━━ Dataset records
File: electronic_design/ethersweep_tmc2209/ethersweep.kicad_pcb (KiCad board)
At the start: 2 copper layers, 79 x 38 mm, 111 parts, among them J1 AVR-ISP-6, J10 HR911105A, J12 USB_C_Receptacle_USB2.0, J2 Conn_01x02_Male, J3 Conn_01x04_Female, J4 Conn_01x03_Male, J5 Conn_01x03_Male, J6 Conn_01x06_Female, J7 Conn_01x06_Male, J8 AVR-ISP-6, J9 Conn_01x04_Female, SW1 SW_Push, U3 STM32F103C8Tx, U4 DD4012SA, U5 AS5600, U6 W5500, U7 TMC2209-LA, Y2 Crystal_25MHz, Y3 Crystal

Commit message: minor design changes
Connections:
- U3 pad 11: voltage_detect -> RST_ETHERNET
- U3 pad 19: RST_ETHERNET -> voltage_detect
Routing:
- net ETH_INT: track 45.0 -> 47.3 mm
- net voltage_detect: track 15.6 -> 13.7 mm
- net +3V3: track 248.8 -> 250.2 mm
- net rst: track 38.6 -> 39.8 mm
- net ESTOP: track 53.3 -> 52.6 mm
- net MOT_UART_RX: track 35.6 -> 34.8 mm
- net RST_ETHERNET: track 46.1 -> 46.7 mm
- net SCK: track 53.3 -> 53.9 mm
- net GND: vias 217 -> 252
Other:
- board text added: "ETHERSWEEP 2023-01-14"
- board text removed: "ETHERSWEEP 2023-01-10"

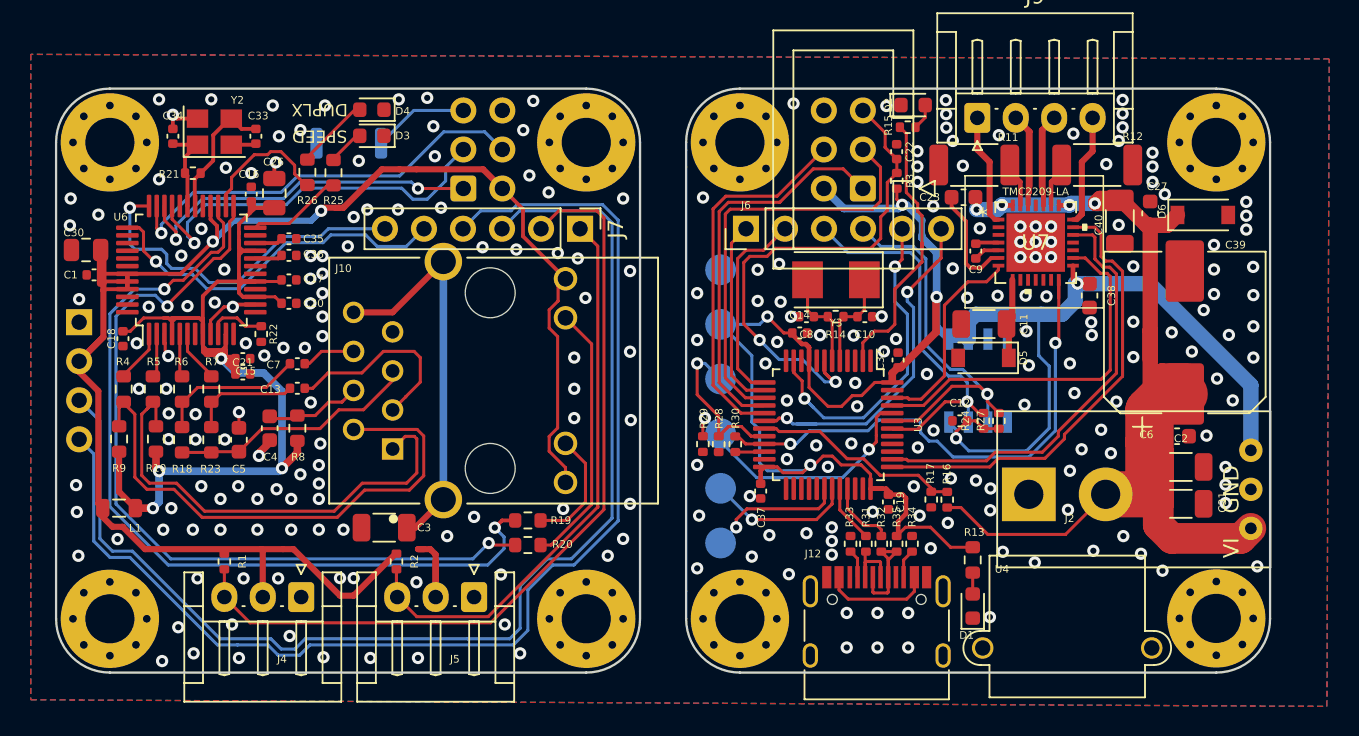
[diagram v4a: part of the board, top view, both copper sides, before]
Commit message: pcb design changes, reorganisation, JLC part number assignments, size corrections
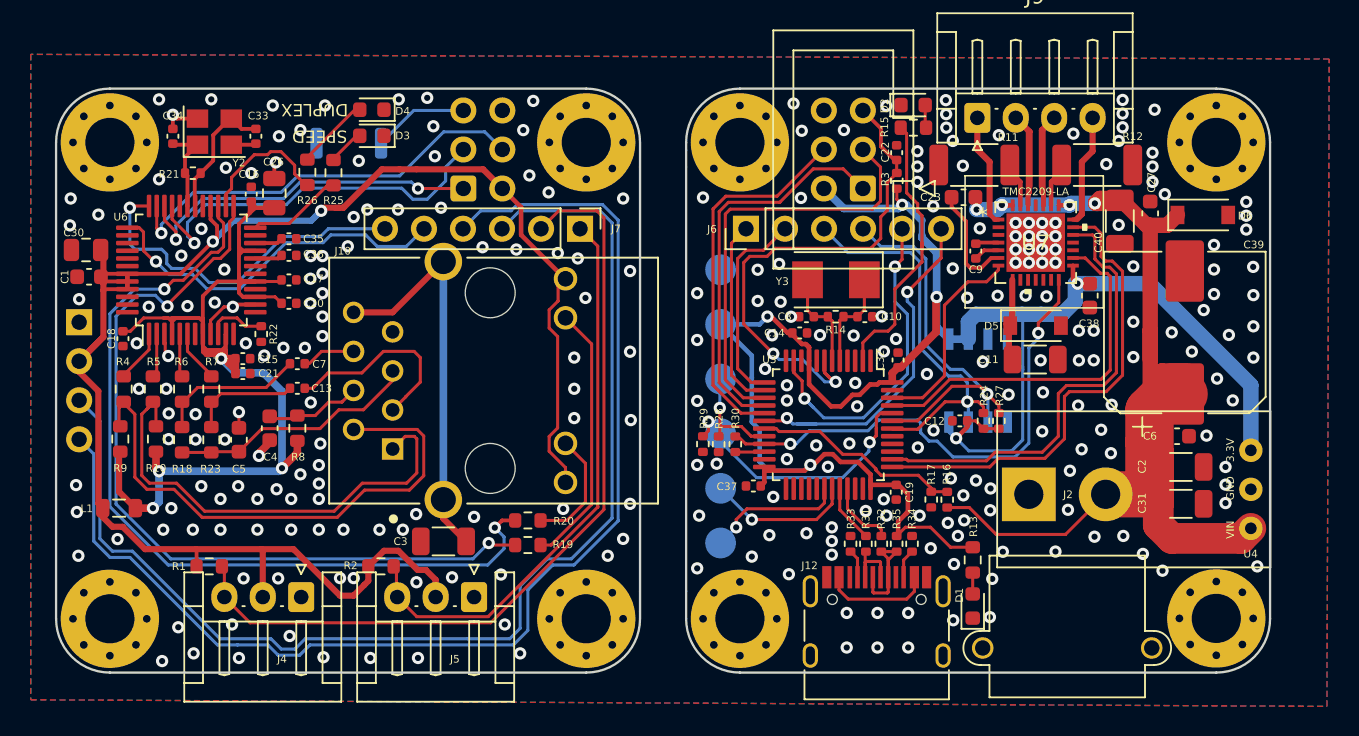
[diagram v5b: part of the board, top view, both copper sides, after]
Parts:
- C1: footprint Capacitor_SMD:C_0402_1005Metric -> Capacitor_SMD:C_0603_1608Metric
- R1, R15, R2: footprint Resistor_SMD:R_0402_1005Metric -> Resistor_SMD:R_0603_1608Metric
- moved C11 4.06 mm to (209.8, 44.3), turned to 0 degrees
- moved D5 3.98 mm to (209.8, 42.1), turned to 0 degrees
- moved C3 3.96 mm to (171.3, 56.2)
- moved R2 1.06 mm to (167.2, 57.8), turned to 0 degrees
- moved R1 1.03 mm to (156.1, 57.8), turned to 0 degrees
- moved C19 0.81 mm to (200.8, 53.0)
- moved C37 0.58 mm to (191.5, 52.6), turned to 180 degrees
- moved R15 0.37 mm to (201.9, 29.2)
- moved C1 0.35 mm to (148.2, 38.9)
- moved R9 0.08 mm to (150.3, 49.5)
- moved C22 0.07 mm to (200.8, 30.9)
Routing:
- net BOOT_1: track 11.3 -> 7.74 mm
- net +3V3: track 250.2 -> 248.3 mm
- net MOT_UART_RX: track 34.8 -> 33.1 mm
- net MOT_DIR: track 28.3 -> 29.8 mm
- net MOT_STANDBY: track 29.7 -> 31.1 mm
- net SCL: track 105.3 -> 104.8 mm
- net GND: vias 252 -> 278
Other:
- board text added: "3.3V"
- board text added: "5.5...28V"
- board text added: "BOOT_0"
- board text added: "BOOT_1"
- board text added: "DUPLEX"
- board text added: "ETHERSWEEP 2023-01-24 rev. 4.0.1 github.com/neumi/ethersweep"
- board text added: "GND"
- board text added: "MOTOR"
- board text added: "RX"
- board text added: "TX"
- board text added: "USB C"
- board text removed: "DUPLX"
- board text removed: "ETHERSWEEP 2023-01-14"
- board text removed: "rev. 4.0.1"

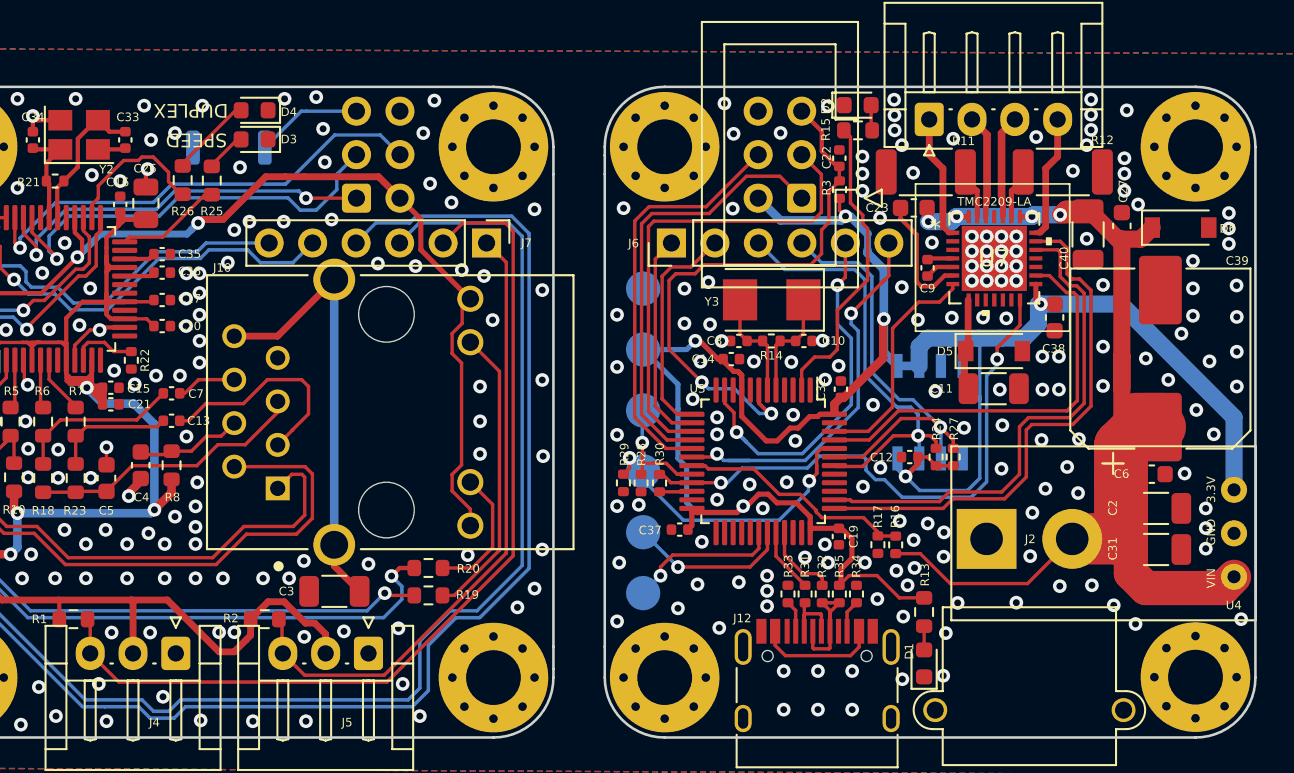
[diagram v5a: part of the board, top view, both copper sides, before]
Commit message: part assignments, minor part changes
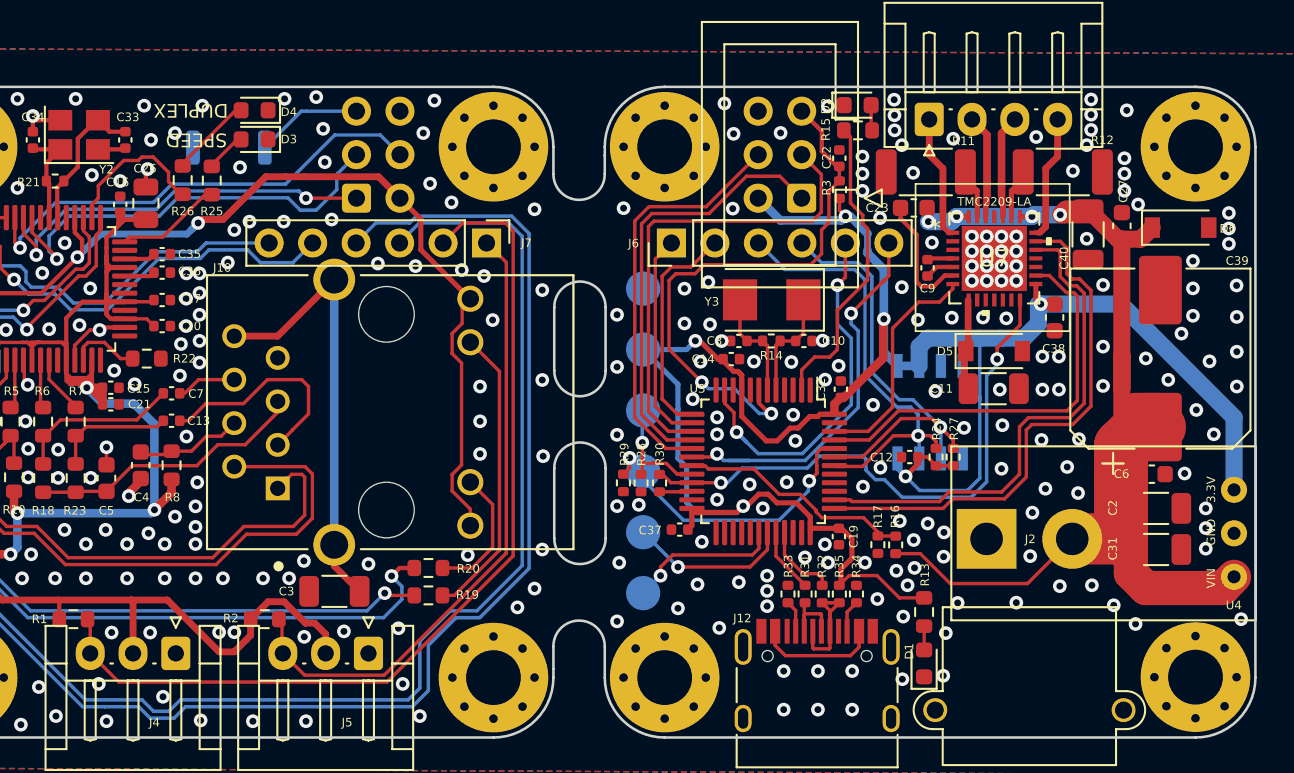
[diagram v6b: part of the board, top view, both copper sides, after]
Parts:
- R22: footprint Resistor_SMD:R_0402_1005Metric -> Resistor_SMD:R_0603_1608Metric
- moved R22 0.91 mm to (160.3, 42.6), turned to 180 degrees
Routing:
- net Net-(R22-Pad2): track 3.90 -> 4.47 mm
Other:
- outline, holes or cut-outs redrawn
━━━━
Work to be completed
Only these lines belong in the answer: the first line of the listing above through the line holding "[diagram v5b: part", printed exactly and without pictures.

Solution
File: electronic_design/ethersweep_tmc2209/ethersweep.kicad_pcb (KiCad board)
At the start: 2 copper layers, 79 x 38 mm, 111 parts, among them J1 AVR-ISP-6, J10 HR911105A, J12 USB_C_Receptacle_USB2.0, J2 Conn_01x02_Male, J3 Conn_01x04_Female, J4 Conn_01x03_Male, J5 Conn_01x03_Male, J6 Conn_01x06_Female, J7 Conn_01x06_Male, J8 AVR-ISP-6, J9 Conn_01x04_Female, SW1 SW_Push, U3 STM32F103C8Tx, U4 DD4012SA, U5 AS5600, U6 W5500, U7 TMC2209-LA, Y2 Crystal_25MHz, Y3 Crystal

Commit message: minor design changes
Connections:
- U3 pad 11: voltage_detect -> RST_ETHERNET
- U3 pad 19: RST_ETHERNET -> voltage_detect
Routing:
- net ETH_INT: track 45.0 -> 47.3 mm
- net voltage_detect: track 15.6 -> 13.7 mm
- net +3V3: track 248.8 -> 250.2 mm
- net rst: track 38.6 -> 39.8 mm
- net ESTOP: track 53.3 -> 52.6 mm
- net MOT_UART_RX: track 35.6 -> 34.8 mm
- net RST_ETHERNET: track 46.1 -> 46.7 mm
- net SCK: track 53.3 -> 53.9 mm
- net GND: vias 217 -> 252
Other:
- board text added: "ETHERSWEEP 2023-01-14"
- board text removed: "ETHERSWEEP 2023-01-10"

[diagram v4a: part of the board, top view, both copper sides, before]
Commit message: pcb design changes, reorganisation, JLC part number assignments, size corrections
[diagram v5b: part of the board, top view, both copper sides, after]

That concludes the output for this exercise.